Project-MONAI · vgrau98 · Jan 24, 2024 · Jan 24, 2024 · Apr 27, 2024 · Dec 30, 2023
diff --git a/monai/networks/blocks/attention_utils.py b/monai/networks/blocks/attention_utils.py
@@ -15,6 +15,10 @@
 import torch.nn.functional as F
 from torch import nn
 
+from monai.utils import optional_import
+
+rearrange, _ = optional_import("einops", name="rearrange")
+
 
 def get_rel_pos(q_size: int, k_size: int, rel_pos: torch.Tensor) -> torch.Tensor:
     """
@@ -126,3 +130,162 @@ def add_decomposed_rel_pos(
         ).view(batch, q_h * q_w * q_d, k_h * k_w * k_d)
 
     return attn
+
+
+def window_partition(x: torch.Tensor, window_size: int, input_size: Tuple = ()) -> Tuple[torch.Tensor, Tuple]:
+    """
+    Partition into non-overlapping windows with padding if needed. Support 2D and 3D.
+    Args:
+        x (tensor): input tokens with [B, s_dim_1 * ... * s_dim_n, C]. with n = 1...len(input_size)
+        input_size (Tuple): input spatial dimension: (H, W) or (H, W, D)
+        window_size (int): window size
+
+    Returns:
+        windows: windows after partition with [B * num_windows, window_size_1 * ... * window_size_n, C].
+            with n = 1...len(input_size) and window_size_i == window_size.
+        (S_DIM_1p, ...,S_DIM_np): padded spatial dimensions before partition with n = 1...len(input_size)
+    """
+    if x.shape[1] != int(torch.prod(torch.tensor(input_size))):
+        raise ValueError(f"Input tensor spatial dimension {x.shape[1]} should be equal to {input_size} product")
+
+    if len(input_size) == 2:
+        x = rearrange(x, "b (h w) c -> b h w c", h=input_size[0], w=input_size[1])
+        x, pad_hw = window_partition_2d(x, window_size)
+        x = rearrange(x, "b h w c -> b (h w) c", h=window_size, w=window_size)
+        return x, pad_hw
+    elif len(input_size) == 3:
+        x = rearrange(x, "b (h w d) c -> b h w d c", h=input_size[0], w=input_size[1], d=input_size[2])
+        x, pad_hwd = window_partition_3d(x, window_size)
+        x = rearrange(x, "b h w d c -> b (h w d) c", h=window_size, w=window_size, d=window_size)
+        return x, pad_hwd
+    else:
+        raise ValueError(f"input_size cannot be length {len(input_size)}. It can be composed of 2 or 3 elements only. ")
+
+
+def window_partition_2d(x: torch.Tensor, window_size: int) -> Tuple[torch.Tensor, Tuple[int, int]]:
+    """
+    Partition into non-overlapping windows with padding if needed. Support only 2D.
+    Args:
+        x (tensor): input tokens with [B, H, W, C].

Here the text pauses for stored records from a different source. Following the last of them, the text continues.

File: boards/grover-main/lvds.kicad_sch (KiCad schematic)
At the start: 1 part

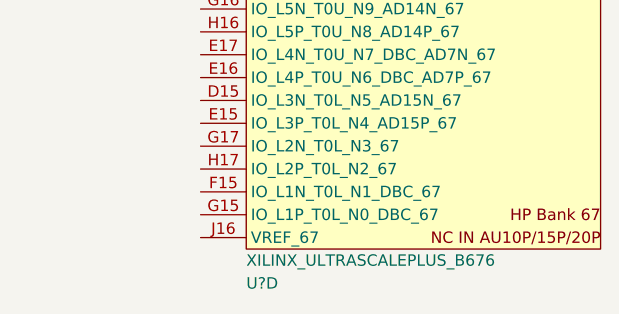
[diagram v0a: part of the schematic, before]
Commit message: Continued initial schematic capture
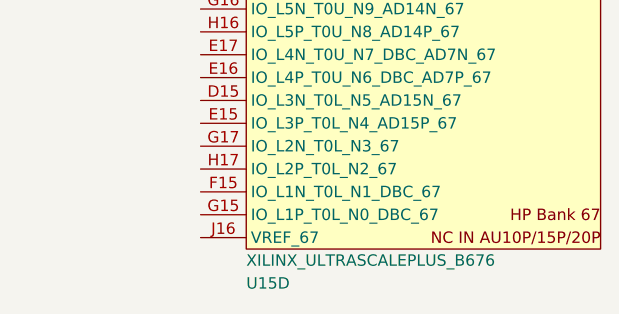
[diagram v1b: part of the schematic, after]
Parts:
- gave numbers to parts that had none: 1
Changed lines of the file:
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@@
   (symbol (lib_id "xilinx-azonenberg:XILINX_ULTRASCALEPLUS_B676") (at 66.04 166.37 0) (unit 4)
     (in_bom yes) (on_board yes)
-    (property "Reference" "U?" (id 0) (at 66.04 170.18 0)
+    (property "Reference" "U15" (id 0) (at 66.04 170.18 0)
       (effects (font (size 1.27 1.27)) (justify left))
     )

+        window_size (int): window size.
+
+    Returns:
+        windows: windows after partition with [B * num_windows, window_size, window_size, C].
+        (Hp, Wp): padded height and width before partition
+    """
+    batch, h, w, c = x.shape
+
+    pad_h = (window_size - h % window_size) % window_size
+    pad_w = (window_size - w % window_size) % window_size
+    if pad_h > 0 or pad_w > 0:
+        x = F.pad(x, (0, 0, 0, pad_w, 0, pad_h))
+    hp, wp = h + pad_h, w + pad_w
+
+    x = x.view(batch, hp // window_size, window_size, wp // window_size, window_size, c)
+    windows = x.permute(0, 1, 3, 2, 4, 5).contiguous().view(-1, window_size, window_size, c)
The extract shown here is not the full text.